(Stored data):
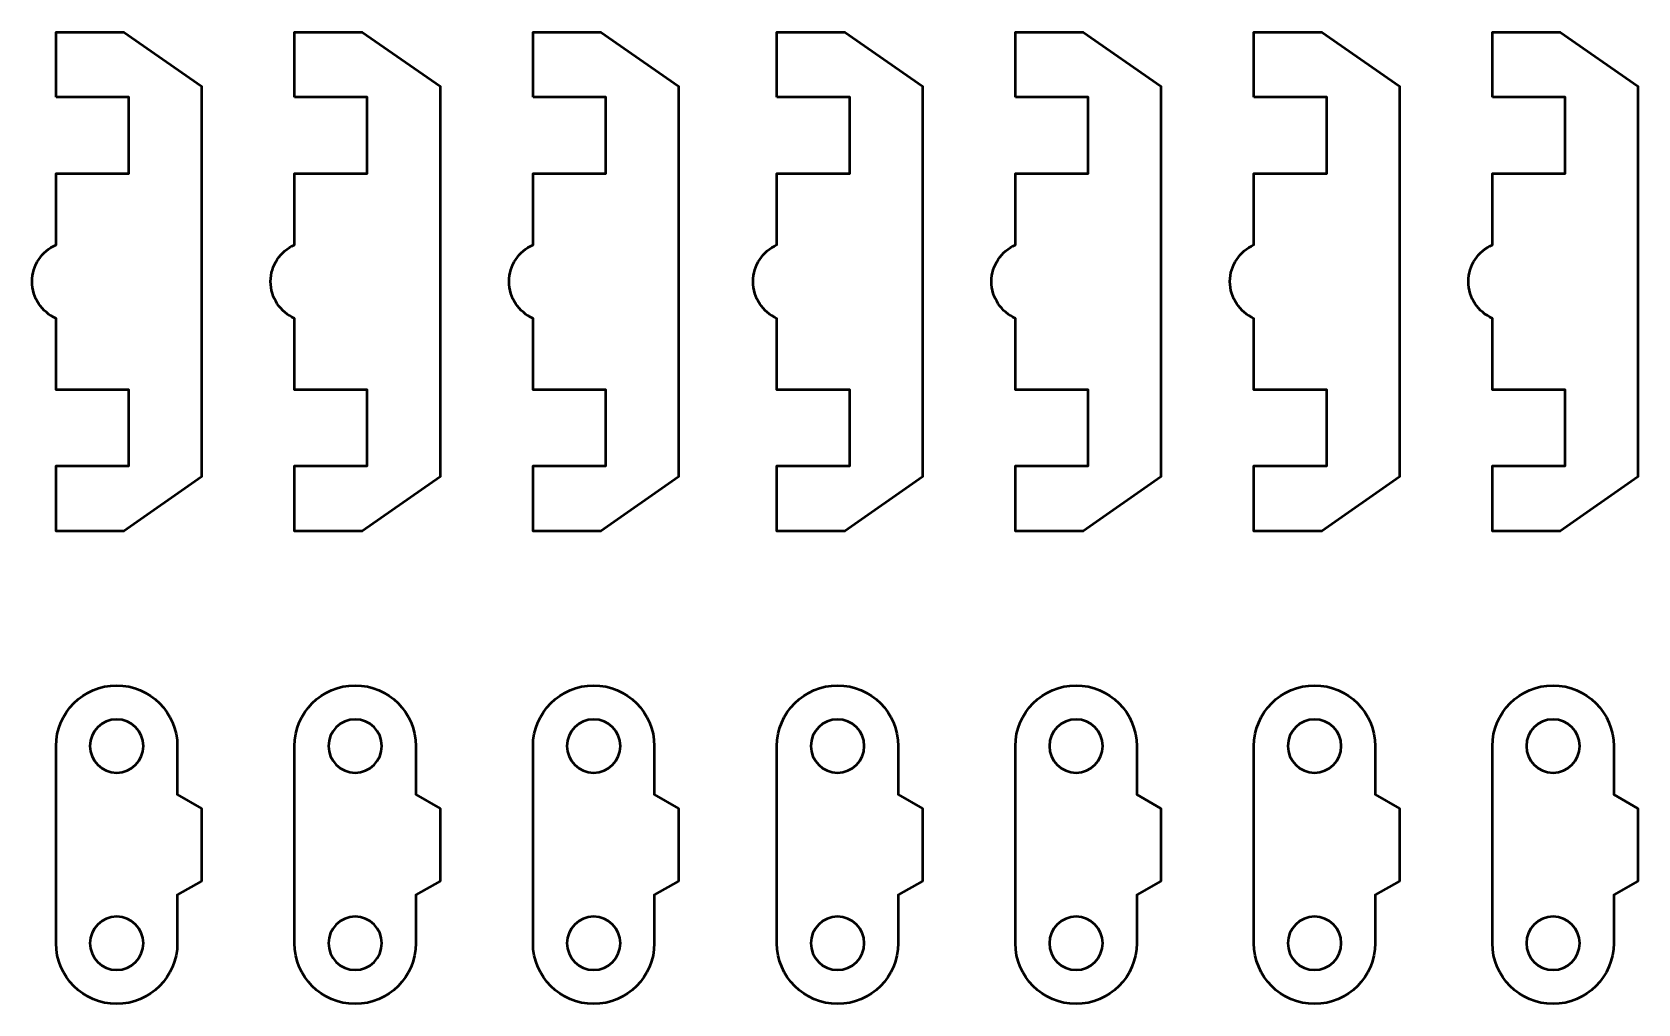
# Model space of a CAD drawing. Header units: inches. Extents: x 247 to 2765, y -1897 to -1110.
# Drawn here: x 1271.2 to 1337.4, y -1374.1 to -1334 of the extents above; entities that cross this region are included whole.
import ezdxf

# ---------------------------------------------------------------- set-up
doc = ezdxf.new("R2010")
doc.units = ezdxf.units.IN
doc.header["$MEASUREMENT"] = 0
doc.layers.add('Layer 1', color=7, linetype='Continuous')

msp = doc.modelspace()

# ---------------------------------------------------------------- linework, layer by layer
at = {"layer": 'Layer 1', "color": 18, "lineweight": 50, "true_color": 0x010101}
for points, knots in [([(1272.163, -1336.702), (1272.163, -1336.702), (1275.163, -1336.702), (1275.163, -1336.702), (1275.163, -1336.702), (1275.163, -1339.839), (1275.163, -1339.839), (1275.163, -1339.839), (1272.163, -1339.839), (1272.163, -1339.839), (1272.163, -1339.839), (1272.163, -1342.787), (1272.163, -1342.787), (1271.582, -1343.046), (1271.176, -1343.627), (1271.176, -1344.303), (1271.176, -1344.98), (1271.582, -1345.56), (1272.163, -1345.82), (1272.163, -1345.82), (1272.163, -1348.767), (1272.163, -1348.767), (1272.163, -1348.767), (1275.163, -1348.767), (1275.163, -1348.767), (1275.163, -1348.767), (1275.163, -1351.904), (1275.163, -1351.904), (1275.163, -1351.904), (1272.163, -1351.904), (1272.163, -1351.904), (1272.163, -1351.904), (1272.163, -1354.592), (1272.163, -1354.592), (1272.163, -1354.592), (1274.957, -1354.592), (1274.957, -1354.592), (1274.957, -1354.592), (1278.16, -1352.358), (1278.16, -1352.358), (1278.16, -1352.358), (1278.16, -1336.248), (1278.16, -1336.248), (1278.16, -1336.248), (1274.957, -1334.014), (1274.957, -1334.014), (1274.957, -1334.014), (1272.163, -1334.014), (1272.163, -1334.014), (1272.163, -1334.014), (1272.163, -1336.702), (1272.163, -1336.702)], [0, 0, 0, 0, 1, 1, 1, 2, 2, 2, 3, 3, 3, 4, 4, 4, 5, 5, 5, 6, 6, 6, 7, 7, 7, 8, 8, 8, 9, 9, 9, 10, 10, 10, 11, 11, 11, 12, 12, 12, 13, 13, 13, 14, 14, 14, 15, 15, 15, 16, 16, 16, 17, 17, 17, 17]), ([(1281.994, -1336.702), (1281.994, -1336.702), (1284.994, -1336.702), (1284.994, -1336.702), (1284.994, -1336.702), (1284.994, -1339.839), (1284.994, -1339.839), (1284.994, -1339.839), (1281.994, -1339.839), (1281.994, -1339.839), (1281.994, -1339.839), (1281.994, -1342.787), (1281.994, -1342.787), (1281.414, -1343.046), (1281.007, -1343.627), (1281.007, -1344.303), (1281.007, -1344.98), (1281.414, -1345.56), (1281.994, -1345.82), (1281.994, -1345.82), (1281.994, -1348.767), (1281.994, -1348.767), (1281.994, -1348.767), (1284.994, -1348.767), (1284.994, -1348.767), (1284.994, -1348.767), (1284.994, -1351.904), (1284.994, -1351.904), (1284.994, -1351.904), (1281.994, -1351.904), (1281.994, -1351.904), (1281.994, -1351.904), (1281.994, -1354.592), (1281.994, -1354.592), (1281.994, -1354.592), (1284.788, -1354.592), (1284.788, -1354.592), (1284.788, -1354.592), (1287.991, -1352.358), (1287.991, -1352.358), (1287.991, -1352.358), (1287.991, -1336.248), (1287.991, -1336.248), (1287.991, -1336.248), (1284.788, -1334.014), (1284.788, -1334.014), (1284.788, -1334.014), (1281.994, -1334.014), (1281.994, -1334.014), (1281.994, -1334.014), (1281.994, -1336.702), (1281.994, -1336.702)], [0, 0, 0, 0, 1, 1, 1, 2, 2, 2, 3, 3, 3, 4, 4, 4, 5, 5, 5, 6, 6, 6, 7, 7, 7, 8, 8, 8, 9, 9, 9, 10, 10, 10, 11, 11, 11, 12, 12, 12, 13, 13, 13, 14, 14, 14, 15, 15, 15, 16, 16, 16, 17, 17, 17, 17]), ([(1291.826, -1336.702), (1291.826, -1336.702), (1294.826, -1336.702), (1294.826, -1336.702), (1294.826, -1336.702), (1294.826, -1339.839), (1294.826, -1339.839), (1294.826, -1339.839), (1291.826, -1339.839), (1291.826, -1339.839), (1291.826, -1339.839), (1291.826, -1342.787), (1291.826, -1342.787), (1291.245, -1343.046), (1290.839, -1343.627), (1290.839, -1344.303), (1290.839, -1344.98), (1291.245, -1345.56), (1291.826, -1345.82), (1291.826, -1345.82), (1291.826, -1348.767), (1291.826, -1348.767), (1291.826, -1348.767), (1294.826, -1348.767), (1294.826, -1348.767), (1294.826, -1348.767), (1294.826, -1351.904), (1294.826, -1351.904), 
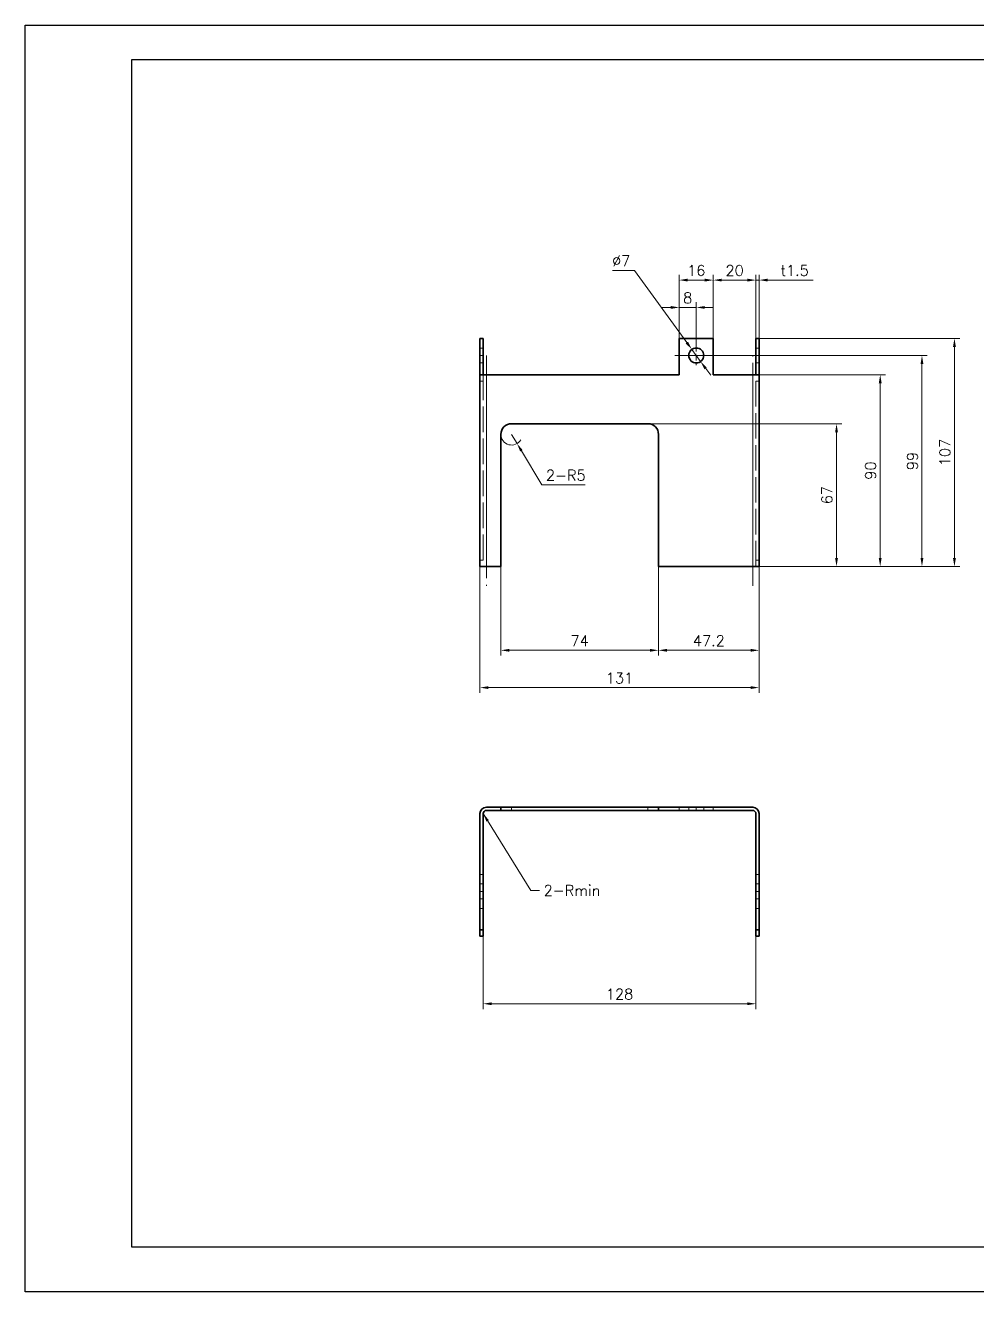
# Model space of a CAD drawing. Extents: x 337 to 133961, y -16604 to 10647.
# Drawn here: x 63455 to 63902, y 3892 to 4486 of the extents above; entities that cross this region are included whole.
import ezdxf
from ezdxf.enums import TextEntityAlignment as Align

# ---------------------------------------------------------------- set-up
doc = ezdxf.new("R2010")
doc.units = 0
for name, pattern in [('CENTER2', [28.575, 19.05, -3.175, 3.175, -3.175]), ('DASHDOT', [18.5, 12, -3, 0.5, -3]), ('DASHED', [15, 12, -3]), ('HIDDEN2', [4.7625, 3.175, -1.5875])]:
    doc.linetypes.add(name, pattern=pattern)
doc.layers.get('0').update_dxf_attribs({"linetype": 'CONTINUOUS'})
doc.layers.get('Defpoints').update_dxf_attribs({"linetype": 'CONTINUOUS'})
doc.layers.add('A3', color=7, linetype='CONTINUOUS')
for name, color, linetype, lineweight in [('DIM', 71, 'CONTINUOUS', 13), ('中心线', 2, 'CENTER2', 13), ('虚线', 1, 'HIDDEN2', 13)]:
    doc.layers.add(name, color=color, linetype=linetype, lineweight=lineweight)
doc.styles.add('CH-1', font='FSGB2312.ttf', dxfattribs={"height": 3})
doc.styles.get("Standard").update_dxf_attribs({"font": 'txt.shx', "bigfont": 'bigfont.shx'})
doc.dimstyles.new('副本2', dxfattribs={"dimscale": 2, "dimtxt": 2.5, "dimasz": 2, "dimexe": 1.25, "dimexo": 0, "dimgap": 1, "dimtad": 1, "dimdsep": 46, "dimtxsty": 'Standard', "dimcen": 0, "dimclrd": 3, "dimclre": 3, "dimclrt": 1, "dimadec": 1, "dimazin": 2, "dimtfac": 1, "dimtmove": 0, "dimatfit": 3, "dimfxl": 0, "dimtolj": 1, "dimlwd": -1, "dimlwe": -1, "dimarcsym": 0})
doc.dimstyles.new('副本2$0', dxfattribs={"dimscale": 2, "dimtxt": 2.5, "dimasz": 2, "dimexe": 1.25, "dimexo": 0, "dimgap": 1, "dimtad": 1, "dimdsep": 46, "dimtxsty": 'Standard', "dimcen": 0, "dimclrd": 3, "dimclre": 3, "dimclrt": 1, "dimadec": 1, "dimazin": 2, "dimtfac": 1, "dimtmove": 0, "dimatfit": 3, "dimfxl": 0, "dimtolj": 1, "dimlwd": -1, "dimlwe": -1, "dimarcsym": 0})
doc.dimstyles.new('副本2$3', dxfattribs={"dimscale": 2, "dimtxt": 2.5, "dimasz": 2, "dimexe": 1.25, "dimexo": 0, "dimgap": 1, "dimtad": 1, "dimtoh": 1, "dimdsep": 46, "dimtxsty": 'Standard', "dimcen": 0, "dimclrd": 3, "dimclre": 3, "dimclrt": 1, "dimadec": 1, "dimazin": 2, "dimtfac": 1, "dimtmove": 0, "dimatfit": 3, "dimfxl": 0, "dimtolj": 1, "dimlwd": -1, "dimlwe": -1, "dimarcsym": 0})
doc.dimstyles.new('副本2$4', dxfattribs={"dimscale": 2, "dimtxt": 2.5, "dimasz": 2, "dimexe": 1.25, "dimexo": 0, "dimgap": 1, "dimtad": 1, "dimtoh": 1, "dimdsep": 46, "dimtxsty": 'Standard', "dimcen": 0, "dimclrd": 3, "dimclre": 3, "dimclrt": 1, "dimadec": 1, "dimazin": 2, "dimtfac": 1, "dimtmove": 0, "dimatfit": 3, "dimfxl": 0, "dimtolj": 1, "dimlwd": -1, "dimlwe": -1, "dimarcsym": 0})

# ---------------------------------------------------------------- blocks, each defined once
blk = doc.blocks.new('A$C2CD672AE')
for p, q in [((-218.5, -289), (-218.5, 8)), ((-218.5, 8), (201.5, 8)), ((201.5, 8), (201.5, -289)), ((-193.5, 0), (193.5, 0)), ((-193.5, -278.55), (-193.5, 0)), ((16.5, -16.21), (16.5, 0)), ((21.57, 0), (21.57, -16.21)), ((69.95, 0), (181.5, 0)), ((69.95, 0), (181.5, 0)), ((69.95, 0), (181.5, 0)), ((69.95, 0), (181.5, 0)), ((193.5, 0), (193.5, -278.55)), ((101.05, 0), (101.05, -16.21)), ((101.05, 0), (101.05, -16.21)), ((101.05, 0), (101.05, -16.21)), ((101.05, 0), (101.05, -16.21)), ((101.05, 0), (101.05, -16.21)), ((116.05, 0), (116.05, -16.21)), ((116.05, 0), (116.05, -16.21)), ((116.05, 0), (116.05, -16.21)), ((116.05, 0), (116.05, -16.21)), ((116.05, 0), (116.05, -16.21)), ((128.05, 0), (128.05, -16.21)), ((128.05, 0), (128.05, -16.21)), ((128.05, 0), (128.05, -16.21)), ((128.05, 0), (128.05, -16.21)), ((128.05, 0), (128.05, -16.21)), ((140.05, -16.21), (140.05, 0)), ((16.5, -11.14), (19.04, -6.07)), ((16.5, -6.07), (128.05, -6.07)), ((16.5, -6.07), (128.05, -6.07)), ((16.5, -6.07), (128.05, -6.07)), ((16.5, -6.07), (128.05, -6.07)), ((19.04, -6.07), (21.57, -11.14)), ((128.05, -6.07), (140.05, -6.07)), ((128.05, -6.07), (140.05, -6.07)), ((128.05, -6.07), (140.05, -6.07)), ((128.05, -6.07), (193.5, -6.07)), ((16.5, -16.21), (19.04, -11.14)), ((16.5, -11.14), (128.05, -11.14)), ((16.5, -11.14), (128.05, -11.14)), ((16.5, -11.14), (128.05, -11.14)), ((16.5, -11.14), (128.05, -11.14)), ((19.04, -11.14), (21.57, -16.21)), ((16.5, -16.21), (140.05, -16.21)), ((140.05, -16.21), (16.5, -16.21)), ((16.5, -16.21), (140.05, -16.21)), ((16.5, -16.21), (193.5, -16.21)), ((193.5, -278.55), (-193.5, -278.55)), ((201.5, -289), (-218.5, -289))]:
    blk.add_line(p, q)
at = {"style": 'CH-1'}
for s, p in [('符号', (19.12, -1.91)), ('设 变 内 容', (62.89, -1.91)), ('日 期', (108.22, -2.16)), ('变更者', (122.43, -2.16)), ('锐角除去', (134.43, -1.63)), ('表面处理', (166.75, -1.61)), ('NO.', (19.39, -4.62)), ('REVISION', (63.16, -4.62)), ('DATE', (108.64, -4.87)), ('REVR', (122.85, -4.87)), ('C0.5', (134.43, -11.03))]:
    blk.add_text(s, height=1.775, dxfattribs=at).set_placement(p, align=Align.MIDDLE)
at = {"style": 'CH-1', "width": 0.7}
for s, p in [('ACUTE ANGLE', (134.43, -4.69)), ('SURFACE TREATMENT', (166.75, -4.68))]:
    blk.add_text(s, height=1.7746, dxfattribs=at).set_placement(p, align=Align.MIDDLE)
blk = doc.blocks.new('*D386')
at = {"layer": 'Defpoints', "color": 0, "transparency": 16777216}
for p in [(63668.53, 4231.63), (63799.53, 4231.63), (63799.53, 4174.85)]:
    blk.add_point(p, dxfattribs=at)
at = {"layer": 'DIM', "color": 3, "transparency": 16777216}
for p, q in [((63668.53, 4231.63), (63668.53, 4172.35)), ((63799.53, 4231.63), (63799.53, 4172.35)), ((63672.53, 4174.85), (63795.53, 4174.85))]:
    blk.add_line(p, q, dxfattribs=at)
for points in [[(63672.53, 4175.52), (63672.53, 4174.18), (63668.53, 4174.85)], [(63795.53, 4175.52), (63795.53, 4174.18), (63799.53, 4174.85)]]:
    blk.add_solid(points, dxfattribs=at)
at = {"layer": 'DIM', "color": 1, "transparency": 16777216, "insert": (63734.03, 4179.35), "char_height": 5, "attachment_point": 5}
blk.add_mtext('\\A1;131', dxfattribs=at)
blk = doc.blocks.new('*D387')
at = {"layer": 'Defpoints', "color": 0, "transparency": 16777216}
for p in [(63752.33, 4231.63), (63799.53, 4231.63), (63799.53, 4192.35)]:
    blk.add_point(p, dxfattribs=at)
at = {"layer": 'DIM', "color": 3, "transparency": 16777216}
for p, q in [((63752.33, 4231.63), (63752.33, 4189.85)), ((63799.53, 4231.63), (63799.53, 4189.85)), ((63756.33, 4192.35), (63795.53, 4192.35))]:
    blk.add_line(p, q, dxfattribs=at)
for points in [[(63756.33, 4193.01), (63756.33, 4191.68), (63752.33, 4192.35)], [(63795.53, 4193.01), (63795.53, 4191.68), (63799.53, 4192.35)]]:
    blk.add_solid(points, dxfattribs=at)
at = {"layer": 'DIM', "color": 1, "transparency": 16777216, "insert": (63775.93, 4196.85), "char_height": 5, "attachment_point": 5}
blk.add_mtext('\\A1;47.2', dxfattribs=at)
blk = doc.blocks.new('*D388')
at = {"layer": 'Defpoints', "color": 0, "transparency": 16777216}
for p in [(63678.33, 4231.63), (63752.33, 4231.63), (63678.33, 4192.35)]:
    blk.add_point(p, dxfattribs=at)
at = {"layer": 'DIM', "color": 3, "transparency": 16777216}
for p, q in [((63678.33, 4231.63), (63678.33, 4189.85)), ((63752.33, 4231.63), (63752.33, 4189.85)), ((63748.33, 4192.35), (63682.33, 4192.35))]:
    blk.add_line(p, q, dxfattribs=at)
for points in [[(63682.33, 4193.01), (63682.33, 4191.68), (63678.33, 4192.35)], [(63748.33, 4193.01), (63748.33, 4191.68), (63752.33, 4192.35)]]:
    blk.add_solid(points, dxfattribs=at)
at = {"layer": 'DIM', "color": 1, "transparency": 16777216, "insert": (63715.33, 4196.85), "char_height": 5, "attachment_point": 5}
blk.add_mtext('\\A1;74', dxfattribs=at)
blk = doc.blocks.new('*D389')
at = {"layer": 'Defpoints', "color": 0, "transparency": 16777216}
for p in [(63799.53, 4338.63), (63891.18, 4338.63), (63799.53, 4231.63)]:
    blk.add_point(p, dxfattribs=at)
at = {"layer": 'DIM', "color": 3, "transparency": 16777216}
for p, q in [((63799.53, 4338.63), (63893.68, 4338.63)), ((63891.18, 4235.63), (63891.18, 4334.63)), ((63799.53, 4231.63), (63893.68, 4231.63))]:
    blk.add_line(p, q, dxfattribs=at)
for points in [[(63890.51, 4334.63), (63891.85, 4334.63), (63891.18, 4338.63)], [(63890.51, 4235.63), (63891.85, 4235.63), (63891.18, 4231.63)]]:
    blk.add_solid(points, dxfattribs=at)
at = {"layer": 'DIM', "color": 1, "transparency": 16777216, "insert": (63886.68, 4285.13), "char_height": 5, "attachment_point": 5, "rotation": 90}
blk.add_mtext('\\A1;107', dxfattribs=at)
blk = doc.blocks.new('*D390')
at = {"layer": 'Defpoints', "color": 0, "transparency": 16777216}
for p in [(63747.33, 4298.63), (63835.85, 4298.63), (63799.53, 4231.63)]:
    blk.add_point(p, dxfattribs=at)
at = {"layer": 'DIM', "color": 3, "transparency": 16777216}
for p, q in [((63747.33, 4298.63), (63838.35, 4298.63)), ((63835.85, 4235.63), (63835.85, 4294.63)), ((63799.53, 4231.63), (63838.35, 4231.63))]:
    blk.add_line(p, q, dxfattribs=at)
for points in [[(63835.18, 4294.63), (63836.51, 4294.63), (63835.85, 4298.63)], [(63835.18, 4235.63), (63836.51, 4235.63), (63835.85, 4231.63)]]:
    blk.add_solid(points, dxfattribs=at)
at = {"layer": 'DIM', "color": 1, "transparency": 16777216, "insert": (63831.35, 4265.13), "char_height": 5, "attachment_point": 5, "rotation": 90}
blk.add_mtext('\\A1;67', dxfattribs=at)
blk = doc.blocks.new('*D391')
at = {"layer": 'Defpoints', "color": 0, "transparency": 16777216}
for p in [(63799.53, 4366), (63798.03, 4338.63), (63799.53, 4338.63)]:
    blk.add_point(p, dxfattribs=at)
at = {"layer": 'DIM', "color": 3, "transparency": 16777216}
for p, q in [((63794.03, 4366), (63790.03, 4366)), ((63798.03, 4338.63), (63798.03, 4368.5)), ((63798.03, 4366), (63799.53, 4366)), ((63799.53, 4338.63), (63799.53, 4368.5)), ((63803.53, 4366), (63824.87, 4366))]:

(Problem details): Filter the entries above down to the lines containing the word "dimcen".

(Solved problem):
doc.dimstyles.new('副本2', dxfattribs={"dimscale": 2, "dimtxt": 2.5, "dimasz": 2, "dimexe": 1.25, "dimexo": 0, "dimgap": 1, "dimtad": 1, "dimdsep": 46, "dimtxsty": 'Standard', "dimcen": 0, "dimclrd": 3, "dimclre": 3, "dimclrt": 1, "dimadec": 1, "dimazin": 2, "dimtfac": 1, "dimtmove": 0, "dimatfit": 3, "dimfxl": 0, "dimtolj": 1, "dimlwd": -1, "dimlwe": -1, "dimarcsym": 0})
doc.dimstyles.new('副本2$0', dxfattribs={"dimscale": 2, "dimtxt": 2.5, "dimasz": 2, "dimexe": 1.25, "dimexo": 0, "dimgap": 1, "dimtad": 1, "dimdsep": 46, "dimtxsty": 'Standard', "dimcen": 0, "dimclrd": 3, "dimclre": 3, "dimclrt": 1, "dimadec": 1, "dimazin": 2, "dimtfac": 1, "dimtmove": 0, "dimatfit": 3, "dimfxl": 0, "dimtolj": 1, "dimlwd": -1, "dimlwe": -1, "dimarcsym": 0})
doc.dimstyles.new('副本2$3', dxfattribs={"dimscale": 2, "dimtxt": 2.5, "dimasz": 2, "dimexe": 1.25, "dimexo": 0, "dimgap": 1, "dimtad": 1, "dimtoh": 1, "dimdsep": 46, "dimtxsty": 'Standard', "dimcen": 0, "dimclrd": 3, "dimclre": 3, "dimclrt": 1, "dimadec": 1, "dimazin": 2, "dimtfac": 1, "dimtmove": 0, "dimatfit": 3, "dimfxl": 0, "dimtolj": 1, "dimlwd": -1, "dimlwe": -1, "dimarcsym": 0})
doc.dimstyles.new('副本2$4', dxfattribs={"dimscale": 2, "dimtxt": 2.5, "dimasz": 2, "dimexe": 1.25, "dimexo": 0, "dimgap": 1, "dimtad": 1, "dimtoh": 1, "dimdsep": 46, "dimtxsty": 'Standard', "dimcen": 0, "dimclrd": 3, "dimclre": 3, "dimclrt": 1, "dimadec": 1, "dimazin": 2, "dimtfac": 1, "dimtmove": 0, "dimatfit": 3, "dimfxl": 0, "dimtolj": 1, "dimlwd": -1, "dimlwe": -1, "dimarcsym": 0})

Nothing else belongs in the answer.